What this task involves
Below are some entries. Repeat exactly the lines from the one with "#12=(NAMED_UNIT(*) SI_UNIT($,.STERADIAN.) SOLID_ANGLE_UNIT());" through the one with "#21=DIRECTION('',(1.,0.,0.));", and only those.

--- Provided entries ---

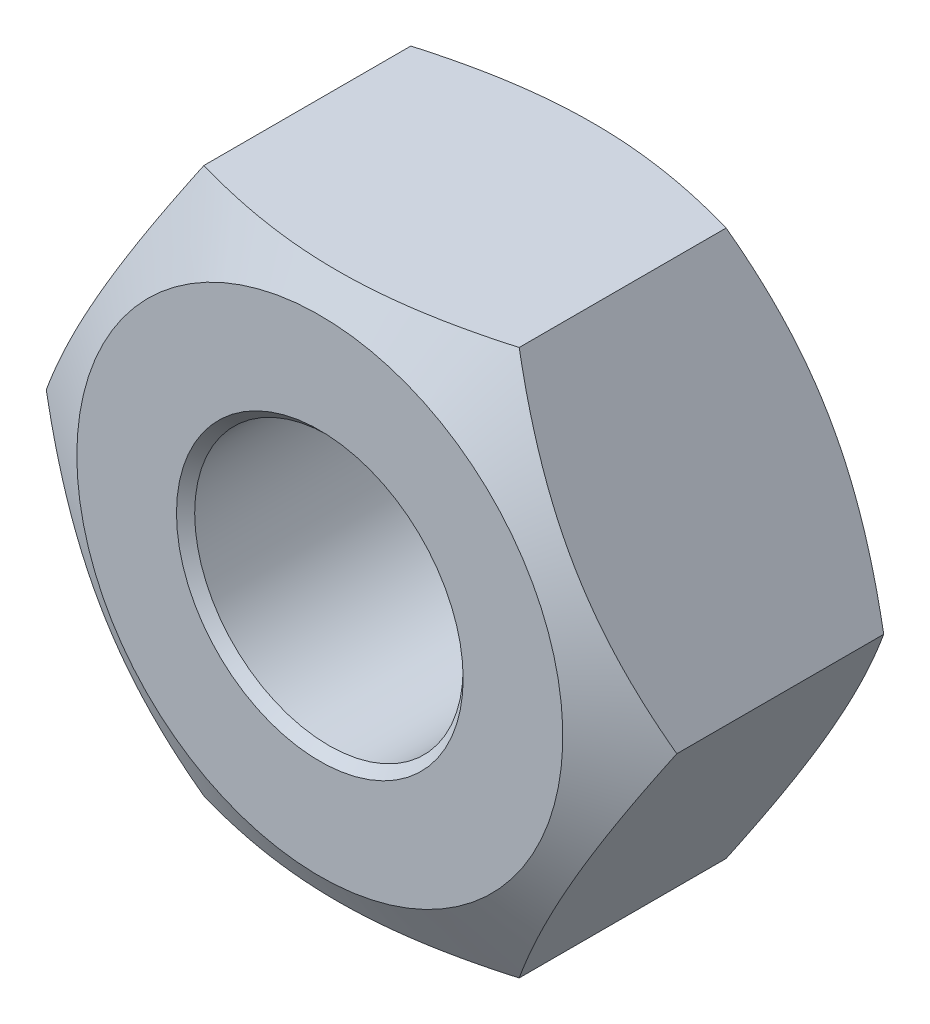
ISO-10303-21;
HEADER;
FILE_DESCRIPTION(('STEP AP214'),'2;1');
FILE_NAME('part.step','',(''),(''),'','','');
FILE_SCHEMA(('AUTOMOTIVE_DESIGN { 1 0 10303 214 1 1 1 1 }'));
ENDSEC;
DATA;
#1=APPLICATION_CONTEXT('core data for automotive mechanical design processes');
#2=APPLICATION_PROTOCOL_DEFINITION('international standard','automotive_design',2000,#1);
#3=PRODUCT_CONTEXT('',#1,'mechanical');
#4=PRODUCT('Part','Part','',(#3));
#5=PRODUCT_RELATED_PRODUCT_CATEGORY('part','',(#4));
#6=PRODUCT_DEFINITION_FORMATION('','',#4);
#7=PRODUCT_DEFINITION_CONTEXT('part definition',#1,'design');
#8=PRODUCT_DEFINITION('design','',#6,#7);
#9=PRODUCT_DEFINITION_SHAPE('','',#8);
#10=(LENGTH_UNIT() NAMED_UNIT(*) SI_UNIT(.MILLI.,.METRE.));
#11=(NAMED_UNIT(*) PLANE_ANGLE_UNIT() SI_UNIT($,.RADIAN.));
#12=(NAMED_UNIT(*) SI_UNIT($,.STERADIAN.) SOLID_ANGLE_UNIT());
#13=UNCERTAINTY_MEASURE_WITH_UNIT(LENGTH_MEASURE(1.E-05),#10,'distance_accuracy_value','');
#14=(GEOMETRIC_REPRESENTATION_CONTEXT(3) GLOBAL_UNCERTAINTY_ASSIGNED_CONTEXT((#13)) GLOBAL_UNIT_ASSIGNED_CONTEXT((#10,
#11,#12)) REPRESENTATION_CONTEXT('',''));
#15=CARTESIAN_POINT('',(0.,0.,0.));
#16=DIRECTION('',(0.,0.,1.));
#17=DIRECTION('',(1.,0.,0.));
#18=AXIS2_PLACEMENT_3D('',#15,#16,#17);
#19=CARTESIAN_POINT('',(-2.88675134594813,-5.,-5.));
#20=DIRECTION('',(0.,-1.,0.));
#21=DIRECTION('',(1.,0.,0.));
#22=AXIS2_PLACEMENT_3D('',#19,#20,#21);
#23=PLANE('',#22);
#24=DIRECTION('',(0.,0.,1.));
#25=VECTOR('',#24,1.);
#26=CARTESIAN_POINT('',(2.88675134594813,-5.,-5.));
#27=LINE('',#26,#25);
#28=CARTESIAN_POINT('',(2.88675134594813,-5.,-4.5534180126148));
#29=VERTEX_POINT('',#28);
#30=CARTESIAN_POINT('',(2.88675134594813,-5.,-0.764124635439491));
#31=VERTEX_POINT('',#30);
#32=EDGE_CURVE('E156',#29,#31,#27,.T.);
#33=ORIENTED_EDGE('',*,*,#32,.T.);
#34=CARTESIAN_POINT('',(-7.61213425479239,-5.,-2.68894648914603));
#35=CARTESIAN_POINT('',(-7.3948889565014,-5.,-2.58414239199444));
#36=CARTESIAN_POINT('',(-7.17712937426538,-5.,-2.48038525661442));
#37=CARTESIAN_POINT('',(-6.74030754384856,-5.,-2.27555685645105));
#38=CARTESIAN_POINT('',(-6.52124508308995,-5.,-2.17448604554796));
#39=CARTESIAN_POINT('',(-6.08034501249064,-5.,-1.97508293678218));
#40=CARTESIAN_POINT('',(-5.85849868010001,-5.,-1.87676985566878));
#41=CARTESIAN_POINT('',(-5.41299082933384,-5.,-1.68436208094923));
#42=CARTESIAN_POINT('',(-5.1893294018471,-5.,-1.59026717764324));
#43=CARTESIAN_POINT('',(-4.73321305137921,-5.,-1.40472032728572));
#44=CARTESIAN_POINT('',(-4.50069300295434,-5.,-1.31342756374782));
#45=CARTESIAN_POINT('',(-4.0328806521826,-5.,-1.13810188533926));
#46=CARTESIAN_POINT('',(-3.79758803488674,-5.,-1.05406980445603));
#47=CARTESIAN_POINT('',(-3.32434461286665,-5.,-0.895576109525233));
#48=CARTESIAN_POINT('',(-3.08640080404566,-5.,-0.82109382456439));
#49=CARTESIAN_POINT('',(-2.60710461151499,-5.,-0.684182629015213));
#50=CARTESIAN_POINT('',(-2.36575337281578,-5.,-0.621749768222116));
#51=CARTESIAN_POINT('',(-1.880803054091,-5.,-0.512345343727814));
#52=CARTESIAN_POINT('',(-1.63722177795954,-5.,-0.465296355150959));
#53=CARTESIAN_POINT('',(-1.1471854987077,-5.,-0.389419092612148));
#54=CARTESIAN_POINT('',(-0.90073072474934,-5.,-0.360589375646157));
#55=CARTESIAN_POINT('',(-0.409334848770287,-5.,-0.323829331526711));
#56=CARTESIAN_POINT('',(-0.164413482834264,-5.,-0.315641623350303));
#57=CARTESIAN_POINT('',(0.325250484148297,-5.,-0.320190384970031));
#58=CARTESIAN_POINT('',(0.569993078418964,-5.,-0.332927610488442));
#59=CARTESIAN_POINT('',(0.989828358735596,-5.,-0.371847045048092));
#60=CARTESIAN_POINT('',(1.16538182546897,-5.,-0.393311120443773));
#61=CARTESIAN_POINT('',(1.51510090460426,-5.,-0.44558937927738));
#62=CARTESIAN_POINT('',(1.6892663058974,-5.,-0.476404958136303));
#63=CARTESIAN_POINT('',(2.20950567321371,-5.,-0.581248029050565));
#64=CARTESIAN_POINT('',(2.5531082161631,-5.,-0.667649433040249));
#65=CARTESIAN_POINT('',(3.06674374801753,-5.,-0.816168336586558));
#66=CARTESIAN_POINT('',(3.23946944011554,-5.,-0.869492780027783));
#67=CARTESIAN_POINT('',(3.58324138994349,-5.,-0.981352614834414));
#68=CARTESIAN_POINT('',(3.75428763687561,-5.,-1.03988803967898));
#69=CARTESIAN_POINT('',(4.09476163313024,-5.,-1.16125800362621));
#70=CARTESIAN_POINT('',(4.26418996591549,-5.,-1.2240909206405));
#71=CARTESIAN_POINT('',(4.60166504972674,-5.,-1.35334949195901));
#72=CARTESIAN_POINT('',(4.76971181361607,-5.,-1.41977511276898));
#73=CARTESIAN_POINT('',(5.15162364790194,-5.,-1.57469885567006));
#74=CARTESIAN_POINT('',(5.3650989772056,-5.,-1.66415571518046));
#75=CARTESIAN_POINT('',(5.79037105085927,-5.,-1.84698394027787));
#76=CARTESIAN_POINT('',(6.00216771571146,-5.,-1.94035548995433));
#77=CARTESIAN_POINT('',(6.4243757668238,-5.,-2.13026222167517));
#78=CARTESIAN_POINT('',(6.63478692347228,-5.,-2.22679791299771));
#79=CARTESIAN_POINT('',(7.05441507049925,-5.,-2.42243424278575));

---

Result for this task
#12=(NAMED_UNIT(*) SI_UNIT($,.STERADIAN.) SOLID_ANGLE_UNIT());
#13=UNCERTAINTY_MEASURE_WITH_UNIT(LENGTH_MEASURE(1.E-05),#10,'distance_accuracy_value','');
#14=(GEOMETRIC_REPRESENTATION_CONTEXT(3) GLOBAL_UNCERTAINTY_ASSIGNED_CONTEXT((#13)) GLOBAL_UNIT_ASSIGNED_CONTEXT((#10,
#11,#12)) REPRESENTATION_CONTEXT('',''));
#15=CARTESIAN_POINT('',(0.,0.,0.));
#16=DIRECTION('',(0.,0.,1.));
#17=DIRECTION('',(1.,0.,0.));
#18=AXIS2_PLACEMENT_3D('',#15,#16,#17);
#19=CARTESIAN_POINT('',(-2.88675134594813,-5.,-5.));
#20=DIRECTION('',(0.,-1.,0.));
#21=DIRECTION('',(1.,0.,0.));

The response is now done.